Sir Henry Joseph Tichborne (1655 - 15 July 1743) was the 4th Baronet of the Tichborne baronets. He inherited the title in 1689 on the death of his father.

He was born in about 1655 in Tichborne in Hampshire, the son of Sir Henry Tichborne the 3rd Baronet, and Mary née Arundell. His younger siblings were: John Hermengil Tichborne, Charles Tichborne, Winifred Tichborne, Lettice Tichborne, Mary Tichborne and Frances (Tichborne) Paston.

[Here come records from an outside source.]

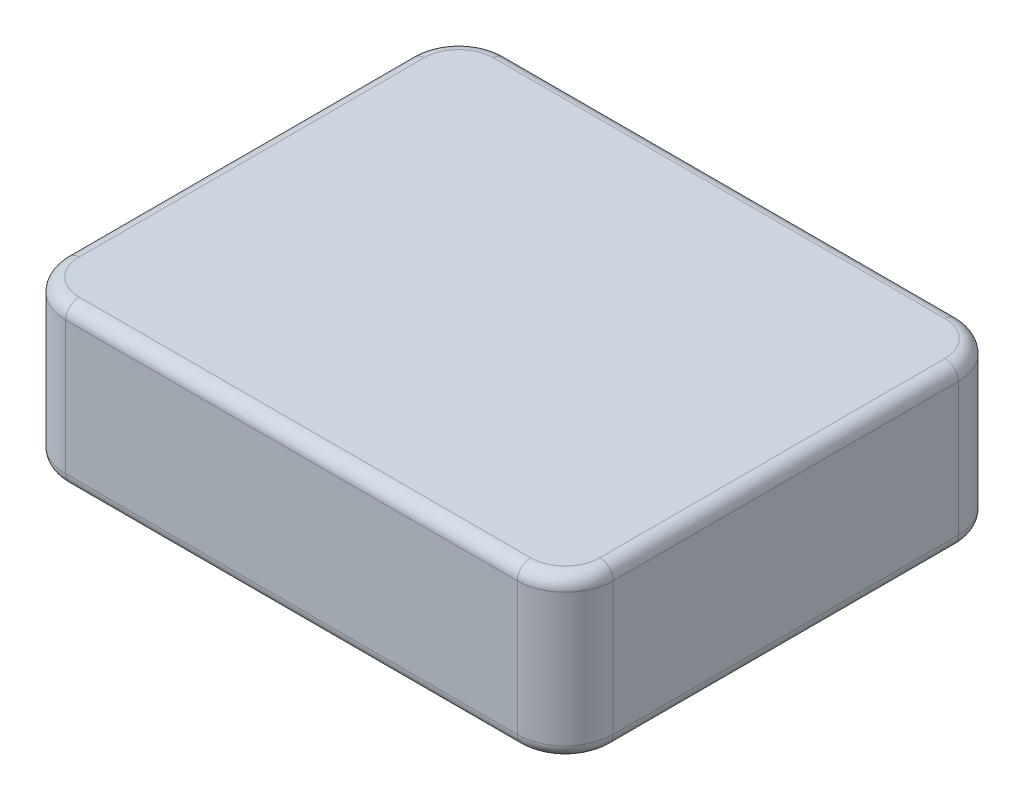
from build123d import *

# Parameters (mm, degrees)
BOSS_EXTRUDE1_DEPTH = 6
FILLET1_R           = 1


with BuildPart() as part:
    # Sketch1 → Boss-Extrude1 (new body, symmetric)
    with BuildSketch(Plane(origin=(0, 0, 0), x_dir=(1, 0, 0), z_dir=(0, 1, 0))):
        with BuildLine():
            Line((-16.965, -16.565), (16.965, -16.565))
            ThreePointArc((16.965, -16.565), (19.510584412, -15.510584412), (20.565, -12.965))
            Line((20.565, -12.965), (20.565, 12.965))
            ThreePointArc((20.565, 12.965), (19.510584412, 15.510584412), (16.965, 16.565))
            Line((16.965, 16.565), (-16.965, 16.565))
            ThreePointArc((-16.965, 16.565), (-19.510584412, 15.510584412), (-20.565, 12.965))
            Line((-20.565, 12.965), (-20.565, -12.965))
            ThreePointArc((-20.565, -12.965), (-19.510584412, -15.510584412), (-16.965, -16.565))
        make_face()
    extrude(amount=BOSS_EXTRUDE1_DEPTH, both=True)

    # Fillet1
    fillet1_edges = [part.edges().sort_by_distance(p)[0] for p in [
        (0, -6, -16.565),
        (19.510584412, -6, -15.510584412),
        (20.565, -6, 0),
        (19.510584412, -6, 15.510584412),
        (19.510584412, 6, -15.510584412),
        (0, 6, -16.565),
        (-19.510584412, 6, -15.510584412),
        (-20.565, 6, 0),
        (-19.510584412, 6, 15.510584412),
        (0, 6, 16.565),
        (19.510584412, 6, 15.510584412),
        (0, -6, 16.565),
        (20.565, 6, 0),
        (-19.510584412, -6, 15.510584412),
        (-20.565, -6, 0),
        (-19.510584412, -6, -15.510584412),
    ]]
    fillet(fillet1_edges, radius=FILLET1_R)


solid = part.part

In 1689 he married Mary Kemp (1664–1754), the daughter of Anthony Kemp of Slindon in Sussex and with her had three sons: Henry, Henry-John and John, who all died unmarried and three daughters: Mary Agnes Tichborne (1695-1777) who married Michael Blount (1693-1739); Mabella Tichborne (1708-1727), who married Sir John Webb; and Frances Cecily Tichborne (1691-1763), who married George Brownlow Doughty.

He died in July 1743 in Tichborne, Hampshire without surviving male issue and was buried with his family in the church of St Andrew in the village. In his will, he left the manor at Leckford to his two surviving daughters: Mary Blount, by now a widow, and Frances Brownlow Doughty.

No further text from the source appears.